Cast Iron is Very Versatile
The very first piece of cookware I ever used was a cast iron skillet, learning to make omelets when I was 4. The pan has been passed down and is still going strong. You might think of cast-iron when it comes to pan frying chicken or making eggs but I use mine all the time when baking and making desserts.
My Dutch oven gets a workout as a deep fryer for doughnuts and fritters, my griddle gets used almost every weekend for pancakes but it’s my skillets that get the most attention.
Whether I am roasting fruit in the oven, sautéing on top of the stove, making cornbread or upside down cakes, I reach for my cast-iron pans before any others. You can also start something on the stove and transfer to the oven with ease. For the Caramelized Vidalia Onion Bacon Cornbread below I fried the bacon in the pan, went on to caramelize the onions stovetop, then transferred the pan to the oven to bake the cornbread.
When making pizza, we like to preheat the pans in the oven first,
whether we are using a skillet as seen above or the flat side of the double-sided grill/griddle, below.
Most of my pans are seasoned from years of use, but you can buy amazing pre-seasoned cast-iron from Lodge Manufacturing Company as seen in these images.
This 100-year plus company has operated a foundry in South Pittsburg, TN for generations surviving two World Wars and the Great Depression and is still producing amazing cast iron bakeware and cookware. They coat their seasoned products in vegetable oil and bake them at a very high temperature, which creates a natural nonstick surface. Mine worked great right out of the box after a quick hot water hand rinse and dry.
If you need to season or re-season a cast-iron pan, follow these directions:
- If you are buying new un-treated cast iron simply hand wash with water and dry. Then coat with a very thin layer of vegetable oil on all surfaces, inside and out. Some manufacturers recommend solid vegetable shortening (we prefer oil). Set pan upside down on top rack of oven preheat to 375°F. “Bake” the pan for at least an hour, turn oven off and allow pan to cool in oven. Store in dry place once cooled.
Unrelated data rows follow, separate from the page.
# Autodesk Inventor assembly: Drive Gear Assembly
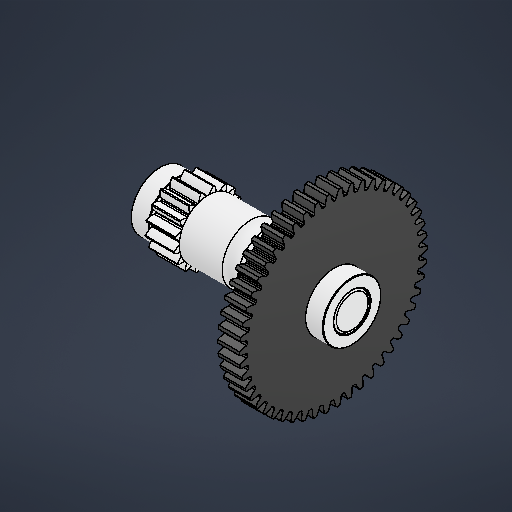
[picture p0: Inventor's stored thumbnail of the model, 512x512]
Saved by Autodesk Inventor 2026 (Build 300175050, 175E)
## iProperties
Created: 2025-05-11
Part Number: Drive Gear Assembly
Document SubType Name: Assembly
Designer: Joshua Eah
Author: Joshua Eah
## Documents named in this file (4)
- C:\Users\Joshua Eah\Documents\GitHub\Voron-0\CAD\Master Assembly\Toolhead\Subassemblies\Drive Gear Assembly.iam
- C:\Users\Joshua Eah\Documents\GitHub\Voron-0\CAD\Master Assembly\Toolhead\Parts\Extruder\MR85 Bearing.ipt
- C:\Users\Joshua Eah\Documents\GitHub\Voron-0\CAD\Master Assembly\Toolhead\Parts\Extruder\Drive Gear.ipt
- C:\Users\Joshua Eah\Documents\GitHub\Voron-0\CAD\Master Assembly\Toolhead\Parts\Extruder\50 Tooth Gear.ipt
## Components (4 placed, 3 different names)
1. MR85 Bearing:1 — Insert:2
2. Drive Gear:1 — Insert:3
3. 50 Tooth Gear:1 — Insert:1, Insert:2
4. MR85 Bearing:2 — Insert:1, Insert:3
## Relationships (3: Insert 3)
- Insert:1: 50 Tooth Gear:1 ↔ MR85 Bearing:2
- Insert:2: MR85 Bearing:1 ↔ 50 Tooth Gear:1
- Insert:3 (0.2 mm): Drive Gear:1 ↔ MR85 Bearing:2
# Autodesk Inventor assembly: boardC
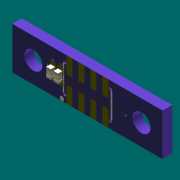
[picture p0: Inventor's stored thumbnail of the model, 180x180]
Saved by Autodesk Inventor 2016 (Build 200138000, 138)
## iProperties
Created: 2016-02-15
Part Number: boardC
Document SubType Name: Assembly
Designer: sawai
Author: sawai
## Documents named in this file (4)
- C:\Users\Jonathan\Documents\Projects\mppcSensor\cad\sensorBoardC\boardC.iam
- C:\Users\Jonathan\Documents\Projects\mppcSensor\cad\sensorBoardC\pcb.ipt
- C:\Users\Jonathan\Documents\Projects\mppcSensor\cad\electronics\capacitor-0603.ipt
- C:\Users\sawaiz\OneDrive\projects\mppcSensor\cad\electronics\capacitor.ipt
## Components (3 placed, 2 different names)
1. pcb:1 — Mate:1
2. capacitor-0603:1 — Flush:1, Flush:2
3. capacitor-0603:2 — Flush:1, Flush:2, Mate:1
## Relationships (3: Flush 2, Mate 1)
- Flush:1: capacitor-0603:1 ↔ capacitor-0603:2
- Flush:2: capacitor-0603:1 ↔ capacitor-0603:2
- Mate:1: pcb:1 ↔ capacitor-0603:2
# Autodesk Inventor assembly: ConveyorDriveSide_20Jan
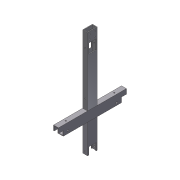
[picture p0: Inventor's stored thumbnail of the model, 180x180]
Saved by Autodesk Inventor 2012 (Build 160160000, 160)
## iProperties
Created: 2012-01-20
Part Number: ConveyorDriveSide_20Jan
Document SubType Name: Assembly
Designer: JesseK
Mass: 743.98 g
Surface Area: 2552.68 cm^2
Volume: 396.136 cm^3
Density: 1.8781 g/cm^3
Author: JesseK
## Documents named in this file (4)
- Z:\UserData\Documents\Inventor\team1885frc\Robot2012\Drawings\ConveyorDriveSide_20Jan.iam
- Z:\UserData\Documents\Inventor\team1885frc\Robot2012\Conveyor2\Frame_MainHorizontalMount.ipt
- Z:\UserData\Documents\Inventor\team1885frc\Robot2012\Conveyor2\Frame_UpperRollerMount.ipt
- Z:\UserData\Documents\Inventor\team1885frc\Robot2012\Conveyor2\Frame_LowerRollerMount.ipt
## Components (3 placed, 3 different names)
1. Frame_MainHorizontalMount:1 — Mate:1, Flush:1, Flush:2, Mate:2, Flush:3
2. Frame_UpperRollerMount:1 — Mate:1, Flush:1, Flush:2, Flush:4
3. Frame_LowerRollerMount:1 — Mate:2, Flush:3, Flush:4
## Relationships (6: Flush 4, Mate 2)
- Mate:1: Frame_MainHorizontalMount:1 ↔ Frame_UpperRollerMount:1
- Flush:1: Frame_MainHorizontalMount:1 ↔ Frame_UpperRollerMount:1
- Flush:2 (152.4 mm): Frame_MainHorizontalMount:1 ↔ Frame_UpperRollerMount:1
- Mate:2: Frame_MainHorizontalMount:1 ↔ Frame_LowerRollerMount:1
- Flush:3: Frame_MainHorizontalMount:1 ↔ Frame_LowerRollerMount:1
- Flush:4: Frame_UpperRollerMount:1 ↔ Frame_LowerRollerMount:1

- If you have a piece of cast-iron that has rusted, food is sticking or it has somehow otherwise lost its seasoning, follow above directions with the following exception: any rust must first be removed with a heavy-duty sponge or scrubber. Wash pan in hot soapy water and dry before seasoning with oil as described above.
- We use hot water to wash out well-seasoned pans and don’t use soap. (Many manufacturers claim there is no need for soap). Never place in dishwasher or use metal scouring pads, which will remove seasoning. Coating with a thin layer of oil after every use will help reserve the seasoning.
With care cast-iron pans will last many lifetimes and are possibly the most versatile cooking pots and pans you can own. They heat very evenly and you can even use less fuel as they heat up quickly and then retain heat, allowing lower cooking temperatures. A good place to start is with a 9 or 10-inch skillet and then expand from there.